Russia is one of the only major countries in the world not to have dedicated laws for domestic violence, despite official studies suggesting at least one in five women have experienced physical violence at the hands of a husband or partner.
The country’s interior ministry said domestic violence kills around 14,000 women per year – one every 40 minutes.
Parliament adopted controversial legislative amendments in February 2017 that decriminalised first battery offences among family members – marking a setback which reduced penalties for abusers and placed victims in even greater danger.
Human rights activists Alena Popova and Alexandra Mitroshina have now launched a campaign calling for social media users to share photos of themselves with the hashtag #янехотелаумирать (I didn’t want to die) and to sign a petition.
Many have followed the pair’s lead and posted images of themselves wearing make-up which depicts blood, cuts and violence in an attempt to show their outrage over the country’s stance on domestic violence.
Campaigners have struggled to change attitudes in the socially conservative nation, where a traditional saying goes: “If he beats you, it means he loves you.”
Tabloid Komsomolskaya Pravda ran an article after the government reduced the punishment for spousal or child abuse from a criminal to a civil one, saying that women should be “proud of their bruises” from violent husbands, and arguing some evolutionary psychologists claim abused women are more likely to give birth to sons.
Ms Mitroshina devised the idea for the latest campaign and organised the initial photo shoots. A photo of herself on Instagram has accrued more than 400,000 likes.
Her post draws attention to the story of Olga Sadykova who was allegedly killed by her husband on 8 July in the village of Kumysnoye. The stabbing happened in front of her eight-year-old son, according to her family.
The Ministry of Internal Affairs of the Russian Federation said Ms Sadykova had previously reported her husband to the police. Officers started investigating him in June on suspicion of grievous bodily harm and making death threats.
“She would have been alive if we had had a domestic violence law,” Ms Mitroshina said in the post.
“Russia needs a federal bill on preventing domestic violence and helping those who suffered from it. There is a chance that it will be considered this autumn. For this to definitely happen, we need a maximum public outcry.”

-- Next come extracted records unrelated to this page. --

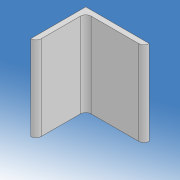
# Autodesk Inventor part: NASA-20-EBOX-EXT-CB-01
Saved by Autodesk Inventor 2020 (Build 240168000, 168)
## iProperties
Created: 2019-12-04
Part Number: NASA-20-EBOX-EXT-CB-01
Material: Generic
Document SubType Name: Modeling
Designer: mpark
Density: 1 g/cm^3
Appearance: Default
Author: mpark
Autodesk Inventor part; units mm, degrees
ref_plane "YZ Plane" through (0, 0, 0) normal (1, 0, 0) x (0, 1, 0)
ref_plane "XZ Plane" through (0, 0, 0) normal (0, 1, 0) x (-1, 0, 0)
ref_plane "XY Plane" through (0, 0, 0) normal (0, 0, 1) x (1, 0, 0)
sketch "Sketch1" plane through (0, 0, 0) normal (0, 1, 0) x (-1, 0, 0)
  line L0 (-38.1, 0) -> (0, 0)
  line L1 (0, 0) -> (0, 33.02)
  line L2 (-34.925, 3.175) -> (-6.35, 3.175)
  line L3 (-3.175, 6.35) -> (-3.175, 29.845)
  line L4 (0, 33.02) -> (0, 33.02)
  line L5 (-38.1, 0) -> (-38.1, 0)
  arc A0 (0, 33.02) -> (-3.175, 29.845) centre (0, 29.845) ccw
  arc A1 (-34.925, 3.175) -> (-38.1, 0) centre (-34.925, 0) ccw
  arc A2 (-6.35, 3.175) -> (-3.175, 6.35) centre (-6.35, 6.35) ccw
  dimension "d0" = 33.02
  dimension "d1" = 38.1
  dimension "d2" = 3.175
  dimension "d3" = 3.175
  constraints: 12 end point, 6 point on circle, 6 tangent, 3 centre point, 3 perpendicular, 2 equal radius, 2 horizontal, 1 other
  measures "d0" distance of L0.end L1.end
  measures "d1" distance of L0.start L0.end
  measures "d2" distance between parallel lines of L0 L2
  measures "d3" radius of A0
extrude "Extrusion1" add sketch "Sketch1" along normal blind 50.8
body "Solid1"
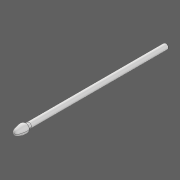
# Autodesk Inventor part: SealantApplicator
Saved by Autodesk Inventor 2020 (Build 240168000, 168)
## iProperties
Created: 2020-01-15
Part Number: SealantApplicator
Material: Generic
Document SubType Name: Modeling
Designer: Isaac Newcomb
Density: 1 g/cm^3
Appearance: Default
Author: Isaac Newcomb
Autodesk Inventor part; units mm, degrees
ref_plane "YZ Plane" through (0, 0, 0) normal (1, 0, 0) x (0, 1, 0)
ref_plane "XZ Plane" through (0, 0, 0) normal (0, 1, 0) x (-1, 0, 0)
ref_plane "XY Plane" through (0, 0, 0) normal (0, 0, 1) x (1, 0, 0)
sketch "Sketch1" plane through (0, 0, 0) normal (0, 1, 0) x (-1, 0, 0)
  line L0 (-3, -15) -> (-3, -180)
  line L1 (-3, -180) -> (0, -180)
  line L2 (0, -180) -> (0, 0)
  line L3 (0, 0) -> (-5, 0) construction
  line L4 (-7.7944, -11) -> (-3, -15) construction
  spline S0 degree 4 poles (0, 0) (-5, 0) (-2.5, -6) (-7.7944, -11) (-3, -15) knots 1 1 1 1 1 2 2 2 2 2
  line L5 (-5, 0) -> (-2.5, -6) construction
  line L6 (-2.5, -6) -> (-7.7944, -11) construction
  line L7 (-5, -10.5297) -> (0, -10.5297) construction
  line L8 (-5, -10.5297) -> (-5, -14.3364) construction
  dimension "d2" = 15
  dimension "d5" = 180
  dimension "d6" = 4
  dimension "d8" = 5
  dimension "d9" = 6
  dimension "d10" = 5
  dimension "d11" = 5
  dimension "d12" = 6
  constraints: 11 end point, 3 vertical, 2 horizontal, 2 perpendicular, 1 point on line, 4 other
  measures "d2" vertical distance of L0.start L2.end
  measures "d5" distance of L1.end L2.end
  measures "d6" vertical distance of L4.start L0.start
  measures "d8" distance of L7.start L7.end
  measures "d9" vertical distance of L3.end L5.end
  measures "d10" diameter of L5.end L2
  measures "d11" distance of L2.end L3.end
  measures "d12" diameter of L0 L2
revolve "Revolution1" add sketch "Sketch1" angle 360 about axis through (0, 0, -180) along (0, 0, 1)
fillet "Fillet1" radius 7 1 edges at (-3, 0, -15)
body "Solid1"
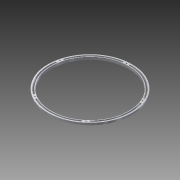
# Autodesk Inventor part: ytterring
Saved by Autodesk Inventor 2015 (Build 190159000, 159)
## iProperties
Created: 2015-02-04
Part Number: ytterring
Material: Generic
Document SubType Name: Modeling
Designer: janov_000
Density: 1 g/cm^3
Appearance: Aluminum - Flat
Author: janov_000
Autodesk Inventor part; units mm, degrees
ref_plane "YZ Plane" through (0, 0, 0) normal (1, 0, 0) x (0, 1, 0)
ref_plane "XZ Plane" through (0, 0, 0) normal (0, 1, 0) x (-1, 0, 0)
ref_plane "XY Plane" through (0, 0, 0) normal (0, 0, 1) x (1, 0, 0)
sketch "Sketch1" plane through (0, 0, 0) normal (0, 0, 1) x (1, 0, 0)
  circle A0 centre (0, 0) radius 162.5
  circle A1 centre (0, 0) radius 150
  line L0 (0, 0) -> (0, -162.5) construction
  dimension "outer_diameter" = 325
  dimension "inner_diameter" = 300
  constraints: 2 coincident, 2 end point, 1 centre point, 1 vertical, 1 vertical alignment, 2 other
  measures "inner_diameter" diameter of A1
extrude "Extrusion1" add sketch "Sketch1" along normal blind 10
sketch "Sketch2" plane through (0, 0, 10) normal (0, 0, 1) x (1, 0, 0)
  arc A0 (136.8569, 72.7681) -> (0, 155) centre (0, 0) ccw construction
  arc A1 (139.285, 74.0591) -> (0, 157.75) centre (0, 0) ccw
  arc A2 (134.4288, 71.477) -> (0, 152.25) centre (0, 0) ccw
  arc A3 (134.4288, 71.477) -> (139.285, 74.0591) centre (136.8569, 72.7681) ccw
  arc A4 (0, 157.75) -> (0, 152.25) centre (0, 155) ccw
  line L0 (0, 0) -> (136.8569, 72.7681) construction
  line L1 (0, 0) -> (0, 155) construction
  line L2 (0, 0) -> (0, -28.237) construction
  arc A5 (-27.393, 155.3534) -> (-150.0292, 48.7474) centre (0, 0) ccw
  arc A6 (-26.4379, 149.937) -> (-144.7984, 47.0478) centre (0, 0) ccw
  arc A7 (-26.4379, 149.937) -> (-27.393, 155.3534) centre (-26.9155, 152.6452) ccw
  arc A8 (-150.0292, 48.7474) -> (-144.7984, 47.0478) centre (-147.4138, 47.8976) ccw
  arc A9 (-156.2148, 21.9546) -> (-92.7231, -127.6224) centre (0, 0) ccw
  arc A10 (-150.7683, 21.1891) -> (-89.4903, -123.1728) centre (0, 0) ccw
  arc A11 (-150.7683, 21.1891) -> (-156.2148, 21.9546) centre (-153.4916, 21.5718) ccw
  arc A12 (-92.7231, -127.6224) -> (-89.4903, -123.1728) centre (-91.1067, -125.3976) ccw
  arc A13 (-69.153, -141.7848) -> (92.7231, -127.6224) centre (0, 0) ccw
  arc A14 (-66.742, -136.8414) -> (89.4903, -123.1728) centre (0, 0) ccw
  arc A15 (-66.742, -136.8414) -> (-69.153, -141.7848) centre (-67.9475, -139.3131) ccw
  arc A16 (92.7231, -127.6224) -> (89.4903, -123.1728) centre (91.1067, -125.3976) ccw
  arc A17 (113.4759, -109.5824) -> (150.0292, 48.7474) centre (0, 0) ccw
  arc A18 (109.5195, -105.7617) -> (144.7984, 47.0478) centre (0, 0) ccw
  arc A19 (109.5195, -105.7617) -> (113.4759, -109.5824) centre (111.4977, -107.672) ccw
  arc A20 (150.0292, 48.7474) -> (144.7984, 47.0478) centre (147.4138, 47.8976) ccw
  point P0 (162.5, 0)
  dimension "slot_radius" = 155
  dimension "slot_length_deg" = 62
  dimension "slot_width" = 5.5
  dimension "d15" = 360
  constraints: 42 point on circle, 21 centre point, 6 end point, 4 tangent, 1 coincident, 1 point on line, 1 vertical, 56 other
  measures "slot_radius" radius of A0
  measures "slot_length_deg" angle of L0 L1
  measures "slot_width" diameter of A3
extrude "Extrusion3" cut sketch "Sketch2" against normal blind 10
sketch "Sketch3" plane through (0, 0, 10) normal (0, 0, 1) x (1, 0, 0)
  circle A0 centre (0, 0) radius 150 projected
  circle A1 centre (0, 0) radius 155 construction
  line L0 (0, 0) -> (-13.5091, 154.4102) construction
  arc A2 (0, 157.75) -> (0, 152.25) centre (0, 155) ccw projected
  line L1 (0, 155) -> (0, 0) construction
  point P0 (-151.0274, 34.8674)
  point P1 (-79.8309, -132.8609)
  point P2 (101.6891, -116.98)
  point P3 (142.6783, 60.5633)
  dimension "d22" = 310
  dimension "d42" = 360
  dimension "d52" = 5
  constraints: 4 end point, 2 coincident, 9 other
  measures "d52" angle of L0 L1
hole "Hole1" at (-13.5091, 154.4102, 10) at (-151.0274, 34.8674, 10) at (-79.8309, -132.8609, 10) at (101.6891, -116.98, 10) at (142.6783, 60.5633, 10) direction (0, 0, -1) diameter 4.134 end through all thread size "M5x0.8" class "6H" standard "ANSI Metric M Profile"
sketch "Sketch5" plane through (0, 0, 0) normal (0, 0, -1) x (-1, 0, 0)
  circle A0 centre (0, 0) radius 162.5 projected
  circle A1 centre (0, 0) radius 160
  dimension "d53" = 320
  constraints: 1 centre point, 1 coincident
  measures "d53" diameter of A1
extrude "Extrusion4" cut sketch "Sketch5" against normal blind 8
equation "\"d17\" = thickness"
equation "\"offset_angle_gear\" = 65deg"
equation "\"thickness\" = 10"
body "Solid1"

Oxana Pushkina, a politician who is now working on a draft law against domestic violence, shared her post.
“The law on prevention of domestic violence is needed to make the number of such crimes as low as possible,” she told RT.
“The existing system of measures and law is not enough to protect the victim from the troublemaker.”
There has a been a rise in discussions around attitudes towards domestic abuse in Russia. Women in the country took to social media and held protests last month to raise awareness around the country’s poor track record of tackling violence and sexual assault against women.
The hashtag #NotHerFault (#саманевиновата in Russian) gained traction on social media in the country.
Europe’s top human rights court found Russia’s failure to adequately investigate domestic violence discriminates against women in a landmark ruling in early July that campaigners hope will lead to changes in local practice.
Russia remains a traditional society which critics say has deeply entrenched sexist views and a culture of victim-blaming. Since Vladimir Putin first took office almost 20 years ago, he has joked at least twice in public about rape. The president famously bragged that Russia’s prostitutes are the best in the world and has ridiculed women for menstruating.
A report by Human Rights Watch alleged Russian police were refusing to register or investigate women’s reports of domestic violence and were instead advising them to reconcile with abusive partners.
The research found serious gaps in Russia’s laws, a dearth of protection orders, and inadequate police and judicial responses for women who had suffered severe physical violence.
The study – titled “I Could Kill You and No One Would Stop Me”: Weak State Response to Domestic Violence in Russia and published in October last year – said social stigma, lack of awareness and lack of trust in police resulted in victims not reporting abuse.
It also found domestic violence in the country is still predominantly viewed as a private “family” matter – with police, courts and sometimes even service providers attributing blame to the victims and advising women to avoid “provoking” their abusers.
Women described being choked, punched, beaten with wooden sticks and metal rods, burnt, threatened with weapons, sexually assaulted and raped, pushed from balconies and windows, having their teeth knocked out, and being forced to endure severe psychological abuse.